À travers sa série Faire corps – Journal d’une métamorphose, l’artiste nantaise Elise Jaunet explore la traversée du cancer du sein comme une expérience à la fois intime et politique. Par la photographie, l’écriture et le collage, elle transforme cette épreuve en un acte de création, et le corps meurtri en un territoire de reconquête.
Octobre rose touche à sa fin et il est plus qu’important de rappeler que la sensibilisation ne s’arrête pas au calendrier. Le cancer du sein s’inscrit dans des corps réels, creusés par la peur, la colère et les cicatrices. Avec Faire corps – Journal d’une métamorphose, Elise Jaunet redonne à cette réalité sa chair et sa voix. Quand elle apprend qu’elle est atteinte d’un cancer du sein, l’artiste vient d’avoir 37 ans. Le confinement débute, tout se fige. « Dès le début, j’ai ressenti un puissant désir de transformation et un urgent besoin d’agir pour ne pas succomber à la paralysie, au choc, à l’effroi et pour ne pas laisser l’angoisse et l’anxiété devenir toutes puissantes et m’étouffer », se souvient-elle. À l’hôpital et chez elle, Elise Jaunet commence alors à photographier, presque frénétiquement, afin de rendre compte de la réalité.

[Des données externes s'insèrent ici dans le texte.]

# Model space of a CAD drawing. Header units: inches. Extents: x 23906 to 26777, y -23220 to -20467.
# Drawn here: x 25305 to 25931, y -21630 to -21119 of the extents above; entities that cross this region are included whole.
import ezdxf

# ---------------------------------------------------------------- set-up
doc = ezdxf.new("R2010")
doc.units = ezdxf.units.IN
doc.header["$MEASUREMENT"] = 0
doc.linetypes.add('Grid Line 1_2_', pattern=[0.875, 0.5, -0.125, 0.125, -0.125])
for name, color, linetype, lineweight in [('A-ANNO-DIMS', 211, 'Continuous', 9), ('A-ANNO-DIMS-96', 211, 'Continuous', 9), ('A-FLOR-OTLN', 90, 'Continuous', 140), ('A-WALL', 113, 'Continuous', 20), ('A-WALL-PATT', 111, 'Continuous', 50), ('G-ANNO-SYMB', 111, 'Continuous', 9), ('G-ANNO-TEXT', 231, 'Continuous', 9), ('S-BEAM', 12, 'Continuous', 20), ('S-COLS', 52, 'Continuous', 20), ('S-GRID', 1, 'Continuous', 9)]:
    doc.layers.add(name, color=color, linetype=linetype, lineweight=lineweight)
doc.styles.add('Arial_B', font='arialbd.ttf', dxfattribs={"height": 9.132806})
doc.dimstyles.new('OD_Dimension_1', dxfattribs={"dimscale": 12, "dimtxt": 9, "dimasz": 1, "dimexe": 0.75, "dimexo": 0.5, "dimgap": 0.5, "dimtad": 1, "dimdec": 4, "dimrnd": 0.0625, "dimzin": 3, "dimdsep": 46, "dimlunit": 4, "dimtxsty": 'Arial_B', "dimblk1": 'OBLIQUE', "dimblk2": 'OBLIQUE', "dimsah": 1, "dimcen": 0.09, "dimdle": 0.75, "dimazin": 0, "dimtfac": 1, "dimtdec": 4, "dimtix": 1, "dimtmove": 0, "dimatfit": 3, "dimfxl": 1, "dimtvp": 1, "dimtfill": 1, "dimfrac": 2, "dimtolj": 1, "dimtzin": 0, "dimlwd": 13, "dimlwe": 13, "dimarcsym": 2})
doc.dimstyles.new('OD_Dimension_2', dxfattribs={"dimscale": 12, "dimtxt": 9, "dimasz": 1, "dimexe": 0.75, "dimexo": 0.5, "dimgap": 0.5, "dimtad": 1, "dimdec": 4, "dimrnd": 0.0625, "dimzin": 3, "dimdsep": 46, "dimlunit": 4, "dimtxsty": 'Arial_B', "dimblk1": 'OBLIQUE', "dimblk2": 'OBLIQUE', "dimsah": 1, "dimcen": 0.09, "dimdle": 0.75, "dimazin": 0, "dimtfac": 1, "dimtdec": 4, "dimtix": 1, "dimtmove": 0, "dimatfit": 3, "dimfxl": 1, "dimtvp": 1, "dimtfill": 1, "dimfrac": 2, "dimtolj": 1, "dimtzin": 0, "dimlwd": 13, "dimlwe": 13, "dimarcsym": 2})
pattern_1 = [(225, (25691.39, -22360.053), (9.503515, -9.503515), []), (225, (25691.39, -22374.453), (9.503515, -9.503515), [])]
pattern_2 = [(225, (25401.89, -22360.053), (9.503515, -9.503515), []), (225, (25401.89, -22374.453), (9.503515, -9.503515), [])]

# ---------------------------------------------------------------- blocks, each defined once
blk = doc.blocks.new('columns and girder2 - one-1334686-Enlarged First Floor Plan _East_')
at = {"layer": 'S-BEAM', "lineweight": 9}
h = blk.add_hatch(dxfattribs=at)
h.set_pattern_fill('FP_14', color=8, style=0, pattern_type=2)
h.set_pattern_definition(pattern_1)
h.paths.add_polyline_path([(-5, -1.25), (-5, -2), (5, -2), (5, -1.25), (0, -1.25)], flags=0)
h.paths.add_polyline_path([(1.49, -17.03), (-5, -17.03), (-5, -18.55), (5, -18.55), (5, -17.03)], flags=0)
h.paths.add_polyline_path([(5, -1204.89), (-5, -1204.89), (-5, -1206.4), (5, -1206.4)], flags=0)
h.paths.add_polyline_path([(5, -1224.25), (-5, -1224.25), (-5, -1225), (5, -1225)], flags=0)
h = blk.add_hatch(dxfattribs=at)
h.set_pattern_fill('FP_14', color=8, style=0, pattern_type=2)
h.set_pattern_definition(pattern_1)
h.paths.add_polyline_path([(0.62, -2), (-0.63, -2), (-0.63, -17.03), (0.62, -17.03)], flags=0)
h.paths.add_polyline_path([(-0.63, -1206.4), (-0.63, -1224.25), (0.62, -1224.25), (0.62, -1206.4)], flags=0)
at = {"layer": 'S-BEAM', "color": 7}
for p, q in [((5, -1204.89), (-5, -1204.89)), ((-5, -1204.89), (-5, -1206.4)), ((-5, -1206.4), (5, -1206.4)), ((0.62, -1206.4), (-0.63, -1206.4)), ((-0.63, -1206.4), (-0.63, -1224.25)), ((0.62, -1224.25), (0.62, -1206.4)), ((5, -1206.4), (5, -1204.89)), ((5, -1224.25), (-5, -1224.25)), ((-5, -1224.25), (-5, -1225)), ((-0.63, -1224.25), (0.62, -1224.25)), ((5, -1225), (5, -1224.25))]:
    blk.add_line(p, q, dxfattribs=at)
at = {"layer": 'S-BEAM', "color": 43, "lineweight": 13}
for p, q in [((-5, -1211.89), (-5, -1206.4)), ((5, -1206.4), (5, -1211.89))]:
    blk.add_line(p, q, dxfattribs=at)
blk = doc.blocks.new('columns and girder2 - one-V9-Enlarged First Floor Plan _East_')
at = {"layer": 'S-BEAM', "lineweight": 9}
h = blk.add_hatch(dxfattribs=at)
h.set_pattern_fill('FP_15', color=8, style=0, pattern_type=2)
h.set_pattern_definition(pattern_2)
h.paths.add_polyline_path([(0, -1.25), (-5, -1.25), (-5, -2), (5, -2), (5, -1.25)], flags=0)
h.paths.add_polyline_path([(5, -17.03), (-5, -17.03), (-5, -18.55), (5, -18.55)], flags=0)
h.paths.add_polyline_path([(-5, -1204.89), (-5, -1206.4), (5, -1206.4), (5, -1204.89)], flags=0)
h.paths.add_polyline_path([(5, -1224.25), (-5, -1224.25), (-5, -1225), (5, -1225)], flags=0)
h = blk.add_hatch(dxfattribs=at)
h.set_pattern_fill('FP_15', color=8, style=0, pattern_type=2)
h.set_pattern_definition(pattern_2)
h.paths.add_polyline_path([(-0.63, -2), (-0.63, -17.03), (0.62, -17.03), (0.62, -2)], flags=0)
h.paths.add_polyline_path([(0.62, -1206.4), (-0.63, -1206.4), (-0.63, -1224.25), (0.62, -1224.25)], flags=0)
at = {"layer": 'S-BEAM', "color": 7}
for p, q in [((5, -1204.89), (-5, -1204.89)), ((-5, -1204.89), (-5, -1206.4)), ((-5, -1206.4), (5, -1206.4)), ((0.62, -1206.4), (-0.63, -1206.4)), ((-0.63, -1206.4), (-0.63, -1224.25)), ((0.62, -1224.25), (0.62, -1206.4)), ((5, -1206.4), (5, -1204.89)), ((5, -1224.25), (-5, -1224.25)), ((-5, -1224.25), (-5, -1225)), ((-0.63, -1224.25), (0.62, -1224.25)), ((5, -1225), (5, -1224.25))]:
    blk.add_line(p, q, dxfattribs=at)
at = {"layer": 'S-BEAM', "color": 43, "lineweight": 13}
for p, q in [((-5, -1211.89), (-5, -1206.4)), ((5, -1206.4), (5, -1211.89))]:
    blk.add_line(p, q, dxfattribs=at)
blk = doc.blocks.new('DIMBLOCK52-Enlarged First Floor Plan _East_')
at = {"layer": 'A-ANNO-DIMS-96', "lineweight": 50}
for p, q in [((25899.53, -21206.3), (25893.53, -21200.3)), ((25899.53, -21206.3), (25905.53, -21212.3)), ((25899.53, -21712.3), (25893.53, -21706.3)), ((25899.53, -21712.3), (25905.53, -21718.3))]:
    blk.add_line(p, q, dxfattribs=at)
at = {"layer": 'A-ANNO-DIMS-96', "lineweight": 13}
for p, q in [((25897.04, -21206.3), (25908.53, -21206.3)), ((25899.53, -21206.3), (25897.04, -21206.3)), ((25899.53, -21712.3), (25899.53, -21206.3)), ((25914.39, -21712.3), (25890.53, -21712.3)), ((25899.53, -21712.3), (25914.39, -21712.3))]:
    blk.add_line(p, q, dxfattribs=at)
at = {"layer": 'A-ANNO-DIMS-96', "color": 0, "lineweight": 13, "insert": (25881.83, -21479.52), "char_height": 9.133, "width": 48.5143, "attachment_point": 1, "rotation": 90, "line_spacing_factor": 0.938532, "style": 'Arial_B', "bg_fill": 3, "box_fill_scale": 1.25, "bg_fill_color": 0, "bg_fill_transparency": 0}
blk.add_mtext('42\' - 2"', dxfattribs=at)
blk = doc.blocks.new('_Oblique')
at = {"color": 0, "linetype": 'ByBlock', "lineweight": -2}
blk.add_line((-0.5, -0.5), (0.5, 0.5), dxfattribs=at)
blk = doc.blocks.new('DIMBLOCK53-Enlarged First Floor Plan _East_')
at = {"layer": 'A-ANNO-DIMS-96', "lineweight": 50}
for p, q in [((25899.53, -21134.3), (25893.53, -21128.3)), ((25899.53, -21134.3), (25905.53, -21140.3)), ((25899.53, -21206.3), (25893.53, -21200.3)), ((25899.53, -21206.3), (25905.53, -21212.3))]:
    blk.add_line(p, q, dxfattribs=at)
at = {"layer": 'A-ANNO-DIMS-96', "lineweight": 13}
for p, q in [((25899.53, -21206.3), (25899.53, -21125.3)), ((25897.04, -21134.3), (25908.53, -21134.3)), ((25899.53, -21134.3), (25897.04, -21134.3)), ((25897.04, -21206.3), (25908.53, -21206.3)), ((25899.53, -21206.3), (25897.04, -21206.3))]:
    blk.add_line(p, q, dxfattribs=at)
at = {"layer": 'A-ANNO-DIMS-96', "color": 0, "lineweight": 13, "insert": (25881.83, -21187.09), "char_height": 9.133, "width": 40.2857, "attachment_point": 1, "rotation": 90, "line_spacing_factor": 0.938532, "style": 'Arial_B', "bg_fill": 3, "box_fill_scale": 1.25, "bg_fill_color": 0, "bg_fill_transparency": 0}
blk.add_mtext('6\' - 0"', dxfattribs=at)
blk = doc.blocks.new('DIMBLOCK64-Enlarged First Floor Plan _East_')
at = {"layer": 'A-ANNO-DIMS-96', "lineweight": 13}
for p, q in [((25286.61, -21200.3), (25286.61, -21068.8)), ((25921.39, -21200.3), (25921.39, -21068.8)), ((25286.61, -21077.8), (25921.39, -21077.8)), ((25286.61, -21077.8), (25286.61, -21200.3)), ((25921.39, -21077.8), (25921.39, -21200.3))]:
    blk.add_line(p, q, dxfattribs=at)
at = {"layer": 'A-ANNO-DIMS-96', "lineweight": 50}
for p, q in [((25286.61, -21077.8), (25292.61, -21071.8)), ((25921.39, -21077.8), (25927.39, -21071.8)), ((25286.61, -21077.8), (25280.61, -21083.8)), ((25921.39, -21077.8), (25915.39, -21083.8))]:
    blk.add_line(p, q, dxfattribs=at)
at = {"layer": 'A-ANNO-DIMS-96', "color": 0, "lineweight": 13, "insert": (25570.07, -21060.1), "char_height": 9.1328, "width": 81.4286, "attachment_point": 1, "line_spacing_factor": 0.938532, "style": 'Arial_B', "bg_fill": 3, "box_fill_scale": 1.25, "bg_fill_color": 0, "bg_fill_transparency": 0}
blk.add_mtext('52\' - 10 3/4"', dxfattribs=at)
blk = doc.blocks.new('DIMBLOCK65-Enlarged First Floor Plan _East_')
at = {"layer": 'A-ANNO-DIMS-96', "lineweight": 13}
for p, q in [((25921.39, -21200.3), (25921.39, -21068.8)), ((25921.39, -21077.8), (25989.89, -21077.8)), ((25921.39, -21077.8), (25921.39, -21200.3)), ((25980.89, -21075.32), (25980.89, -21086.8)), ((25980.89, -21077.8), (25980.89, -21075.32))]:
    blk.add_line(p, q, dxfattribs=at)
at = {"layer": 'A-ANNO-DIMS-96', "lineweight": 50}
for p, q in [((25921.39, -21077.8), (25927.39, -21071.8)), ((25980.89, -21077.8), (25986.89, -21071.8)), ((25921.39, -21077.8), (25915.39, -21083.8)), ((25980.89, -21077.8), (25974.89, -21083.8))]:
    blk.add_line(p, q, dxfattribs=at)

Dans cette série, l’artiste mêle photographie, collage, écriture et compose un journal visuel où le corps devient le témoin d’une transformation à la fois physique et symbolique, de la dépossession à la reconquête. Le noir et blanc y domine, comme un refuge. « C’est ce qui me convient le plus pour exprimer mes émotions. Il permet de recentrer le regard sur les courbes, la géométrie, de gommer les détails et de placer le récit hors du temps », précise-t-elle. Il y a ce collage d’un corps rapiécé, métaphore de la lente reconstruction, mais aussi des paysages flous, qui traduisent l’incertitude. Puis, dans un autoportrait marquant, celui du clown, elle dénonce avec ironie le diktat de la féminité imposée aux femmes malades. « Quand j’ai perdu mes cheveux, je n’ai pas souhaité porter de perruque. Pour être remboursée d’un foulard, je devais obligatoirement acheter un serre-tête avec une mèche de cheveux, pour “faire comme si de rien n’était”. J’ai été très en colère. C’était encore une manière d’invisibiliser le cancer », signale-t-elle. Son travail, à la croisée du documentaire et de l’intime, explore cette frontière poreuse entre regard sur soi et regard sur le monde. « On observe toujours la réalité à travers nos filtres. Pour moi, témoigner du cancer ne pouvait se faire qu’à travers ce double mouvement extérieur-intérieur. »



Un corps politique
« Montrer un corps en métamorphose, c’est une manière d’incarner la maladie », affirme Elise Jaunet. Dans une société qui préfère la pudeur à la réalité, son geste devient politique. L’artiste refuse le récit héroïque du « combat » ou les images souvent aseptisées d’Octobre rose. Son corps malade n’est ni lisse ni glamour. Il est humain. « Représenter un corps féminin dépourvu d’érotisme, oser la vulnérabilité, c’est politique. Et c’est aussi un message : vous n’êtes pas seul·es. N’ayons pas honte. » Sophie Calle, Frida Kahlo, Annie Ernaux, Andrée Chedid ou encore Clara Ysé… Les nombreuses références d’Elise Jaunet résonnent ici comme des présences sororales. Comme elles, elle puise dans l’intime pour questionner le politique, dans la douleur pour en extraire du sens. L’art devient un espace d’insurrection et de réparation, où le geste photographique se fait à la fois acte de soin et de révolte.
Mais Faire corps n’est pas seulement un cri de colère. C’est aussi un long travail de réconciliation. La série dessine la lente reconstruction d’un corps blessé. « La photographie m’a permis de redevenir sujet de mon histoire, de retrouver une forme de pouvoir sur ma situation », déclare-t-elle. À travers l’objectif, elle apprend à se revoir, à se reconnaître, à « faire corps » au sens propre et figuré, sans aucune limite. « Tous les moyens étaient bons tant qu’ils servaient le propos et que je suivais la maxime de Virginie Despentes : “Le courage d’être sincère” », confie Elise Jaunet. Cette métamorphose, elle la raconte sans pathos, dans une tonalité aussi pudique que frontale. En citant Audre Lorde, l’artiste rappelle ce qui anime sa démarche : « Je n’ai aucune envie que ma colère, ma douleur et ma peur du cancer se fossilisent en un nouveau silence au point de me priver des forces qui peuvent jaillir de l’expérience une fois celle-ci admise et analysée. » En transformant le silence en image, en parole et en acte, Elise Jaunet métamorphose l’intime en forme de résistance, et c’est bien là où réside toute la force de son travail.